Flame kernel development with radiofrequency oscillating plasma ignition

In this paper a radiofrequency oscillating plasma discharge is investigated under various initial pressures up to 5 atm in a constant-volume combustion chamber. The oscillating plasma is suppressed by elevated pressure, both in length and branch number. The ignition performance under elevated background pressure is investigated, and the results are compared with spark events with a similar ignition energy. Under ambient conditions, the oscillating plasma discharge generates multiple streamers that are much longer than a spark gap, resulting in a much bigger initial flame kernel. Under elevated background pressures, fewer streamers with much smaller sizes are observed, thus the advantage of an oscillating plasma discharge over a spark discharge is compromised. Prolonged duration of an oscillating plasma discharge consistently demonstrates a positive impact on flame propagation speed, but neither prolonged duration nor enhanced discharge current has a noticeable impact on flame kernel growth for the spark ignition cases.
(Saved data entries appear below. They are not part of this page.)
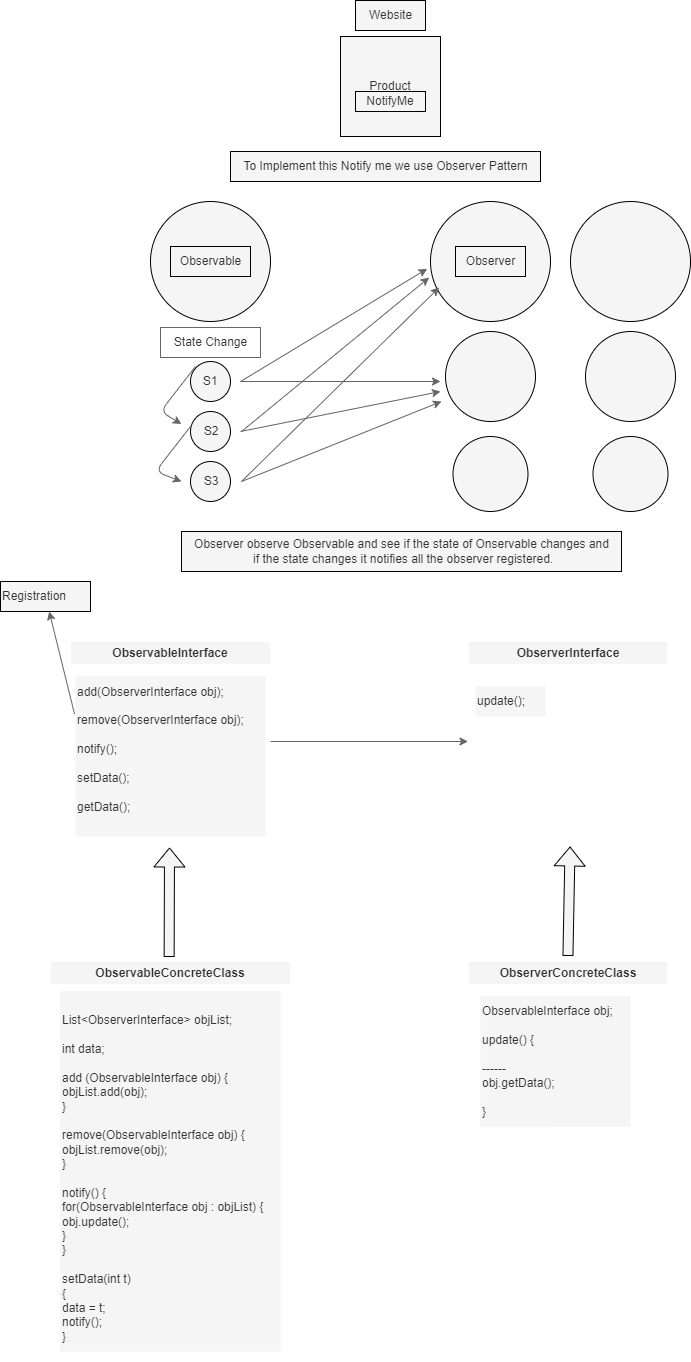

The diagram above was exported from draw.io. Its source (the exported page's mxGraphModel, read from the mxfile embedded in the PNG):
<mxGraphModel dx="553" dy="1602" grid="1" gridSize="10" guides="1" tooltips="1" connect="1" arrows="1" fold="1" page="1" pageScale="1" pageWidth="850" pageHeight="1100" math="0" shadow="0">
  <root>
    <mxCell id="0" />
    <mxCell id="1" parent="0" />
    <mxCell id="2" value="Product" style="whiteSpace=wrap;html=1;aspect=fixed;fillColor=#f5f5f5;fontColor=#333333;strokeColor=default;strokeWidth=1;labelBackgroundColor=none;" vertex="1" parent="1">
      <mxGeometry x="350" y="35" width="100" height="100" as="geometry" />
    </mxCell>
    <mxCell id="3" value="Website" style="text;html=1;align=center;verticalAlign=middle;resizable=0;points=[];autosize=1;strokeColor=default;fillColor=#f5f5f5;fontColor=#333333;strokeWidth=1;labelBackgroundColor=none;" vertex="1" parent="1">
      <mxGeometry x="365" y="-1" width="70" height="30" as="geometry" />
    </mxCell>
    <mxCell id="4" value="NotifyMe" style="rounded=0;whiteSpace=wrap;html=1;fillColor=#f5f5f5;fontColor=#333333;strokeColor=default;strokeWidth=1;labelBackgroundColor=none;" vertex="1" parent="1">
      <mxGeometry x="365" y="90" width="70" height="20" as="geometry" />
    </mxCell>
    <mxCell id="5" value="To Implement this Notify me we use Observer Pattern" style="text;html=1;align=center;verticalAlign=middle;resizable=0;points=[];autosize=1;strokeColor=default;fillColor=#f5f5f5;fontColor=#333333;strokeWidth=1;labelBackgroundColor=none;" vertex="1" parent="1">
      <mxGeometry x="240" y="150" width="310" height="30" as="geometry" />
    </mxCell>
    <mxCell id="6" value="" style="ellipse;whiteSpace=wrap;html=1;aspect=fixed;fillColor=#f5f5f5;fontColor=#333333;strokeColor=default;strokeWidth=1;labelBackgroundColor=none;" vertex="1" parent="1">
      <mxGeometry x="160" y="200" width="120" height="120" as="geometry" />
    </mxCell>
    <mxCell id="7" value="" style="ellipse;whiteSpace=wrap;html=1;aspect=fixed;fillColor=#f5f5f5;fontColor=#333333;strokeColor=default;strokeWidth=1;labelBackgroundColor=none;" vertex="1" parent="1">
      <mxGeometry x="440" y="200" width="120" height="120" as="geometry" />
    </mxCell>
    <mxCell id="8" value="Observable" style="text;html=1;align=center;verticalAlign=middle;resizable=0;points=[];autosize=1;strokeColor=default;fillColor=#f5f5f5;fontColor=#333333;strokeWidth=1;labelBackgroundColor=none;" vertex="1" parent="1">
      <mxGeometry x="180" y="245" width="80" height="30" as="geometry" />
    </mxCell>
    <mxCell id="9" value="Observer" style="text;html=1;align=center;verticalAlign=middle;resizable=0;points=[];autosize=1;strokeColor=default;fillColor=#f5f5f5;fontColor=#333333;strokeWidth=1;labelBackgroundColor=none;" vertex="1" parent="1">
      <mxGeometry x="465" y="245" width="70" height="30" as="geometry" />
    </mxCell>
    <mxCell id="10" value="&lt;font&gt;State Change&lt;/font&gt;" style="text;html=1;align=center;verticalAlign=middle;resizable=0;points=[];autosize=1;strokeColor=#666666;fillColor=#FFFFFF;fontColor=#333333;strokeWidth=1;labelBackgroundColor=none;" vertex="1" parent="1">
      <mxGeometry x="170" y="326" width="100" height="30" as="geometry" />
    </mxCell>
    <mxCell id="11" value="" style="ellipse;whiteSpace=wrap;html=1;aspect=fixed;fillColor=#f5f5f5;fontColor=#333333;strokeColor=default;strokeWidth=1;labelBackgroundColor=none;" vertex="1" parent="1">
      <mxGeometry x="200" y="360" width="40" height="40" as="geometry" />
    </mxCell>
    <mxCell id="12" value="S1" style="text;html=1;strokeColor=none;fillColor=none;align=center;verticalAlign=middle;whiteSpace=wrap;rounded=0;fontColor=#333333;strokeWidth=1;labelBackgroundColor=none;" vertex="1" parent="1">
      <mxGeometry x="190" y="365" width="60" height="30" as="geometry" />
    </mxCell>
    <mxCell id="15" value="" style="ellipse;whiteSpace=wrap;html=1;aspect=fixed;fillColor=#f5f5f5;fontColor=#333333;strokeColor=default;strokeWidth=1;labelBackgroundColor=none;" vertex="1" parent="1">
      <mxGeometry x="200" y="410" width="40" height="40" as="geometry" />
    </mxCell>
    <mxCell id="16" value="" style="ellipse;whiteSpace=wrap;html=1;aspect=fixed;fillColor=#f5f5f5;fontColor=#333333;strokeColor=default;strokeWidth=1;labelBackgroundColor=none;" vertex="1" parent="1">
      <mxGeometry x="200" y="460" width="40" height="40" as="geometry" />
    </mxCell>
    <mxCell id="17" value="S2" style="text;html=1;strokeColor=none;fillColor=none;align=center;verticalAlign=middle;whiteSpace=wrap;rounded=0;fontColor=#333333;strokeWidth=1;labelBackgroundColor=none;" vertex="1" parent="1">
      <mxGeometry x="191" y="415" width="60" height="30" as="geometry" />
    </mxCell>
    <mxCell id="18" value="S3" style="text;html=1;strokeColor=none;fillColor=none;align=center;verticalAlign=middle;whiteSpace=wrap;rounded=0;fontColor=#333333;strokeWidth=1;labelBackgroundColor=none;" vertex="1" parent="1">
      <mxGeometry x="191" y="465" width="60" height="30" as="geometry" />
    </mxCell>
    <mxCell id="21" value="" style="endArrow=classic;html=1;exitX=0.25;exitY=0;exitDx=0;exitDy=0;entryX=0;entryY=0.25;entryDx=0;entryDy=0;fillColor=#f5f5f5;strokeColor=#666666;strokeWidth=1;labelBackgroundColor=none;" edge="1" parent="1" source="12" target="17">
      <mxGeometry width="50" height="50" relative="1" as="geometry">
        <mxPoint x="120" y="395" as="sourcePoint" />
        <mxPoint x="170" y="345" as="targetPoint" />
        <Array as="points">
          <mxPoint x="170" y="410" />
        </Array>
      </mxGeometry>
    </mxCell>
    <mxCell id="22" value="" style="endArrow=classic;html=1;exitX=0.25;exitY=0;exitDx=0;exitDy=0;entryX=0;entryY=0.5;entryDx=0;entryDy=0;fillColor=#f5f5f5;strokeColor=#666666;strokeWidth=1;labelBackgroundColor=none;" edge="1" parent="1" target="18">
      <mxGeometry width="50" height="50" relative="1" as="geometry">
        <mxPoint x="200" y="425" as="sourcePoint" />
        <mxPoint x="186" y="482.5" as="targetPoint" />
        <Array as="points">
          <mxPoint x="165" y="470" />
        </Array>
      </mxGeometry>
    </mxCell>
    <mxCell id="23" value="" style="ellipse;whiteSpace=wrap;html=1;aspect=fixed;fillColor=#f5f5f5;fontColor=#333333;strokeColor=default;strokeWidth=1;labelBackgroundColor=none;" vertex="1" parent="1">
      <mxGeometry x="455" y="330" width="90" height="90" as="geometry" />
    </mxCell>
    <mxCell id="24" value="" style="ellipse;whiteSpace=wrap;html=1;aspect=fixed;fillColor=#f5f5f5;fontColor=#333333;strokeColor=default;strokeWidth=1;labelBackgroundColor=none;" vertex="1" parent="1">
      <mxGeometry x="462.5" y="435" width="75" height="75" as="geometry" />
    </mxCell>
    <mxCell id="25" value="" style="ellipse;whiteSpace=wrap;html=1;aspect=fixed;fillColor=#f5f5f5;fontColor=#333333;strokeColor=default;strokeWidth=1;labelBackgroundColor=none;" vertex="1" parent="1">
      <mxGeometry x="580" y="200" width="120" height="120" as="geometry" />
    </mxCell>
    <mxCell id="26" value="" style="ellipse;whiteSpace=wrap;html=1;aspect=fixed;fillColor=#f5f5f5;fontColor=#333333;strokeColor=default;strokeWidth=1;labelBackgroundColor=none;" vertex="1" parent="1">
      <mxGeometry x="595" y="330" width="90" height="90" as="geometry" />
    </mxCell>
    <mxCell id="27" value="" style="ellipse;whiteSpace=wrap;html=1;aspect=fixed;fillColor=#f5f5f5;fontColor=#333333;strokeColor=default;strokeWidth=1;labelBackgroundColor=none;" vertex="1" parent="1">
      <mxGeometry x="602.5" y="435" width="75" height="75" as="geometry" />
    </mxCell>
    <mxCell id="28" value="" style="endArrow=classic;html=1;exitX=1;exitY=0.5;exitDx=0;exitDy=0;entryX=-0.028;entryY=0.561;entryDx=0;entryDy=0;entryPerimeter=0;fillColor=#f5f5f5;strokeColor=#666666;strokeWidth=1;labelBackgroundColor=none;" edge="1" parent="1" source="12" target="7">
      <mxGeometry width="50" height="50" relative="1" as="geometry">
        <mxPoint x="390" y="360" as="sourcePoint" />
        <mxPoint x="440" y="310" as="targetPoint" />
      </mxGeometry>
    </mxCell>
    <mxCell id="29" value="" style="endArrow=classic;html=1;exitX=1;exitY=0.5;exitDx=0;exitDy=0;fillColor=#f5f5f5;strokeColor=#666666;strokeWidth=1;labelBackgroundColor=none;" edge="1" parent="1" source="12">
      <mxGeometry width="50" height="50" relative="1" as="geometry">
        <mxPoint x="390" y="360" as="sourcePoint" />
        <mxPoint x="450" y="380" as="targetPoint" />
      </mxGeometry>
    </mxCell>
    <mxCell id="30" value="" style="endArrow=classic;html=1;exitX=1;exitY=0.5;exitDx=0;exitDy=0;entryX=-0.011;entryY=0.633;entryDx=0;entryDy=0;entryPerimeter=0;fillColor=#f5f5f5;strokeColor=#666666;strokeWidth=1;labelBackgroundColor=none;" edge="1" parent="1" source="17" target="7">
      <mxGeometry width="50" height="50" relative="1" as="geometry">
        <mxPoint x="260" y="390" as="sourcePoint" />
        <mxPoint x="460" y="390" as="targetPoint" />
      </mxGeometry>
    </mxCell>
    <mxCell id="31" value="" style="endArrow=classic;html=1;exitX=1;exitY=0.5;exitDx=0;exitDy=0;entryX=-0.011;entryY=0.633;entryDx=0;entryDy=0;entryPerimeter=0;fillColor=#f5f5f5;strokeColor=#666666;strokeWidth=1;labelBackgroundColor=none;" edge="1" parent="1" source="18">
      <mxGeometry width="50" height="50" relative="1" as="geometry">
        <mxPoint x="261" y="440" as="sourcePoint" />
        <mxPoint x="448.68000000000006" y="285.96000000000004" as="targetPoint" />
      </mxGeometry>
    </mxCell>
    <mxCell id="32" value="" style="endArrow=classic;html=1;exitX=1;exitY=0.5;exitDx=0;exitDy=0;fillColor=#f5f5f5;strokeColor=#666666;strokeWidth=1;labelBackgroundColor=none;" edge="1" parent="1">
      <mxGeometry width="50" height="50" relative="1" as="geometry">
        <mxPoint x="250" y="430" as="sourcePoint" />
        <mxPoint x="450" y="390" as="targetPoint" />
      </mxGeometry>
    </mxCell>
    <mxCell id="33" value="" style="endArrow=classic;html=1;exitX=1;exitY=0.5;exitDx=0;exitDy=0;fillColor=#f5f5f5;strokeColor=#666666;strokeWidth=1;labelBackgroundColor=none;" edge="1" parent="1">
      <mxGeometry width="50" height="50" relative="1" as="geometry">
        <mxPoint x="251" y="480" as="sourcePoint" />
        <mxPoint x="451" y="400" as="targetPoint" />
      </mxGeometry>
    </mxCell>
    <mxCell id="34" value="Observer observe Observable and see if the state of Onservable changes and&lt;br&gt;&amp;nbsp;if the state changes it notifies all the observer registered." style="text;html=1;align=center;verticalAlign=middle;resizable=0;points=[];autosize=1;strokeColor=default;fillColor=#f5f5f5;fontColor=#333333;strokeWidth=1;labelBackgroundColor=none;" vertex="1" parent="1">
      <mxGeometry x="191" y="530" width="440" height="40" as="geometry" />
    </mxCell>
    <mxCell id="35" value="ObservableInterface" style="swimlane;whiteSpace=wrap;html=1;fillColor=#f5f5f5;fontColor=#333333;strokeColor=#FFFFFF;strokeWidth=1;labelBackgroundColor=none;" vertex="1" parent="1">
      <mxGeometry x="80" y="640" width="200" height="200" as="geometry" />
    </mxCell>
    <mxCell id="37" value="&lt;div style=&quot;&quot;&gt;&lt;span style=&quot;&quot;&gt;add(ObserverInterface obj);&lt;/span&gt;&lt;br&gt;&lt;/div&gt;&lt;div style=&quot;&quot;&gt;&lt;span style=&quot;&quot;&gt;&lt;br&gt;&lt;/span&gt;&lt;/div&gt;&lt;div style=&quot;&quot;&gt;&lt;span style=&quot;&quot;&gt;remove(ObserverInterface obj);&lt;/span&gt;&lt;/div&gt;&lt;div style=&quot;&quot;&gt;&lt;span style=&quot;&quot;&gt;&lt;br&gt;&lt;/span&gt;&lt;/div&gt;&lt;div style=&quot;&quot;&gt;&lt;span style=&quot;&quot;&gt;notify();&lt;/span&gt;&lt;/div&gt;&lt;div style=&quot;&quot;&gt;&lt;span style=&quot;&quot;&gt;&lt;br&gt;&lt;/span&gt;&lt;/div&gt;&lt;div style=&quot;&quot;&gt;&lt;span style=&quot;&quot;&gt;setData();&lt;/span&gt;&lt;/div&gt;&lt;div style=&quot;&quot;&gt;&lt;span style=&quot;&quot;&gt;&lt;br&gt;&lt;/span&gt;&lt;/div&gt;&lt;div style=&quot;&quot;&gt;&lt;span style=&quot;&quot;&gt;getData();&lt;/span&gt;&lt;/div&gt;&lt;div style=&quot;&quot;&gt;&lt;span style=&quot;&quot;&gt;&lt;br&gt;&lt;/span&gt;&lt;/div&gt;" style="text;html=1;align=left;verticalAlign=middle;resizable=0;points=[];autosize=1;strokeColor=none;fillColor=#f5f5f5;fontColor=#333333;strokeWidth=1;labelBackgroundColor=none;" vertex="1" parent="35">
      <mxGeometry x="5" y="35" width="190" height="160" as="geometry" />
    </mxCell>
    <mxCell id="36" value="ObserverInterface" style="swimlane;whiteSpace=wrap;html=1;fillColor=#f5f5f5;fontColor=#333333;strokeColor=#FFFFFF;strokeWidth=1;labelBackgroundColor=none;" vertex="1" parent="1">
      <mxGeometry x="477.5" y="640" width="200" height="200" as="geometry" />
    </mxCell>
    <mxCell id="42" value="update();" style="text;html=1;align=left;verticalAlign=middle;resizable=0;points=[];autosize=1;strokeColor=none;fillColor=#f5f5f5;fontColor=#333333;strokeWidth=1;labelBackgroundColor=none;" vertex="1" parent="36">
      <mxGeometry x="7.5" y="45" width="70" height="30" as="geometry" />
    </mxCell>
    <mxCell id="39" value="&lt;div style=&quot;&quot;&gt;Registration&lt;/div&gt;" style="text;html=1;align=left;verticalAlign=middle;resizable=0;points=[];autosize=1;strokeColor=default;fillColor=#f5f5f5;fontColor=#333333;strokeWidth=1;labelBackgroundColor=none;" vertex="1" parent="1">
      <mxGeometry x="10" y="580" width="90" height="30" as="geometry" />
    </mxCell>
    <mxCell id="40" value="" style="edgeStyle=none;html=1;exitX=-0.005;exitY=0.235;exitDx=0;exitDy=0;exitPerimeter=0;fillColor=#f5f5f5;strokeColor=#666666;strokeWidth=1;labelBackgroundColor=none;" edge="1" parent="1" source="37" target="39">
      <mxGeometry relative="1" as="geometry" />
    </mxCell>
    <mxCell id="41" style="edgeStyle=none;html=1;entryX=0;entryY=0.5;entryDx=0;entryDy=0;fillColor=#f5f5f5;strokeColor=#666666;strokeWidth=1;labelBackgroundColor=none;" edge="1" parent="1" target="36">
      <mxGeometry relative="1" as="geometry">
        <mxPoint x="280" y="740" as="sourcePoint" />
      </mxGeometry>
    </mxCell>
    <mxCell id="43" value="has - a" style="text;html=1;align=center;verticalAlign=middle;resizable=0;points=[];autosize=1;strokeColor=none;fillColor=none;fontColor=#FFFFFF;strokeWidth=1;labelBackgroundColor=none;" vertex="1" parent="1">
      <mxGeometry x="330" y="740" width="60" height="30" as="geometry" />
    </mxCell>
    <mxCell id="44" value="(0, *)" style="text;html=1;align=center;verticalAlign=middle;resizable=0;points=[];autosize=1;strokeColor=none;fillColor=none;fontColor=#FFFFFF;strokeWidth=1;labelBackgroundColor=none;" vertex="1" parent="1">
      <mxGeometry x="334" y="710" width="50" height="30" as="geometry" />
    </mxCell>
    <mxCell id="46" value="ObservableConcreteClass" style="swimlane;whiteSpace=wrap;html=1;fillColor=#f5f5f5;fontColor=#333333;strokeColor=#FFFFFF;strokeWidth=1;labelBackgroundColor=none;" vertex="1" parent="1">
      <mxGeometry x="60" y="960" width="240" height="400" as="geometry" />
    </mxCell>
    <mxCell id="47" value="&lt;br&gt;&lt;div&gt;&lt;span style=&quot;&quot;&gt;List&amp;lt;ObserverInterface&amp;gt; objList;&lt;/span&gt;&lt;/div&gt;&lt;div&gt;&lt;span style=&quot;&quot;&gt;&lt;br&gt;&lt;/span&gt;&lt;/div&gt;int data;&lt;br&gt;&lt;br&gt;add (ObservableInterface obj) {&lt;br&gt;objList.add(obj);&lt;br&gt;}&lt;br&gt;&lt;br&gt;remove(ObservableInterface obj) {&lt;br&gt;objList.remove(obj);&lt;br&gt;}&lt;br&gt;&lt;br&gt;notify() {&lt;br&gt;for(ObservableInterface obj : objList) {&lt;br&gt;obj.update();&lt;br&gt;}&lt;br&gt;}&lt;br&gt;&lt;br&gt;setData(int t)&lt;br&gt;{&lt;br&gt;data = t;&lt;br&gt;notify();&lt;br&gt;}" style="text;html=1;align=left;verticalAlign=middle;resizable=0;points=[];autosize=1;strokeColor=none;fillColor=#f5f5f5;fontColor=#333333;strokeWidth=1;labelBackgroundColor=none;" vertex="1" parent="46">
      <mxGeometry x="10" y="30" width="220" height="360" as="geometry" />
    </mxCell>
    <mxCell id="49" value="" style="shape=flexArrow;endArrow=classic;html=1;exitX=0.586;exitY=-0.01;exitDx=0;exitDy=0;exitPerimeter=0;fillColor=#f5f5f5;strokeColor=default;strokeWidth=1;labelBackgroundColor=none;" edge="1" parent="1">
      <mxGeometry width="50" height="50" relative="1" as="geometry">
        <mxPoint x="178.63999999999987" y="955.5" as="sourcePoint" />
        <mxPoint x="179" y="846" as="targetPoint" />
      </mxGeometry>
    </mxCell>
    <mxCell id="50" value="Is - a" style="text;html=1;align=center;verticalAlign=middle;resizable=0;points=[];autosize=1;strokeColor=none;fillColor=none;fontColor=#FFFFFF;strokeWidth=1;labelBackgroundColor=none;" vertex="1" parent="1">
      <mxGeometry x="190" y="895" width="50" height="30" as="geometry" />
    </mxCell>
    <mxCell id="51" value="ObserverConcreteClass" style="swimlane;whiteSpace=wrap;html=1;fillColor=#f5f5f5;fontColor=#333333;strokeColor=#FFFFFF;strokeWidth=1;labelBackgroundColor=none;" vertex="1" parent="1">
      <mxGeometry x="477.5" y="960" width="200" height="200" as="geometry" />
    </mxCell>
    <mxCell id="52" value="ObservableInterface obj;&lt;br&gt;&lt;br&gt;update() {&lt;br&gt;&lt;br&gt;------&amp;nbsp;&lt;br&gt;obj.getData();&lt;br&gt;&lt;br&gt;}" style="text;html=1;align=left;verticalAlign=middle;resizable=0;points=[];autosize=1;strokeColor=none;fillColor=#f5f5f5;fontColor=#333333;strokeWidth=1;labelBackgroundColor=none;" vertex="1" parent="51">
      <mxGeometry x="12.5" y="35" width="150" height="130" as="geometry" />
    </mxCell>
    <mxCell id="53" value="" style="endArrow=classic;html=1;exitX=0;exitY=0.5;exitDx=0;exitDy=0;entryX=1;entryY=0.25;entryDx=0;entryDy=0;fillColor=#f5f5f5;strokeColor=#FFFFFF;strokeWidth=1;labelBackgroundColor=none;" edge="1" parent="1" source="51" target="46">
      <mxGeometry width="50" height="50" relative="1" as="geometry">
        <mxPoint x="320" y="1040" as="sourcePoint" />
        <mxPoint x="370" y="990" as="targetPoint" />
      </mxGeometry>
    </mxCell>
    <mxCell id="54" value="" style="shape=flexArrow;endArrow=classic;html=1;exitX=0.586;exitY=-0.01;exitDx=0;exitDy=0;exitPerimeter=0;entryX=0.504;entryY=1;entryDx=0;entryDy=0;entryPerimeter=0;fillColor=#f5f5f5;strokeColor=default;strokeWidth=1;labelBackgroundColor=none;" edge="1" parent="1">
      <mxGeometry width="50" height="50" relative="1" as="geometry">
        <mxPoint x="577.4399999999998" y="954.5" as="sourcePoint" />
        <mxPoint x="579.56" y="845" as="targetPoint" />
      </mxGeometry>
    </mxCell>
  </root>
</mxGraphModel>

Both oscillating plasma and spark are used to treat non-combustible propane-air mixtures under background pressures from 1 to 5 atm.

Automated summary

This paper investigates a radiofrequency oscillating plasma discharge under various initial pressures in a constant-volume combustion chamber. The results show that elevated pressure suppresses the oscillating plasma, both in length and branch number. The advantage of oscillating plasma over spark discharge is compromised under elevated background pressures. Prolonged duration of oscillating plasma discharge consistently improves flame propagation speed, but it has no noticeable impact on flame kernel growth for spark ignition cases.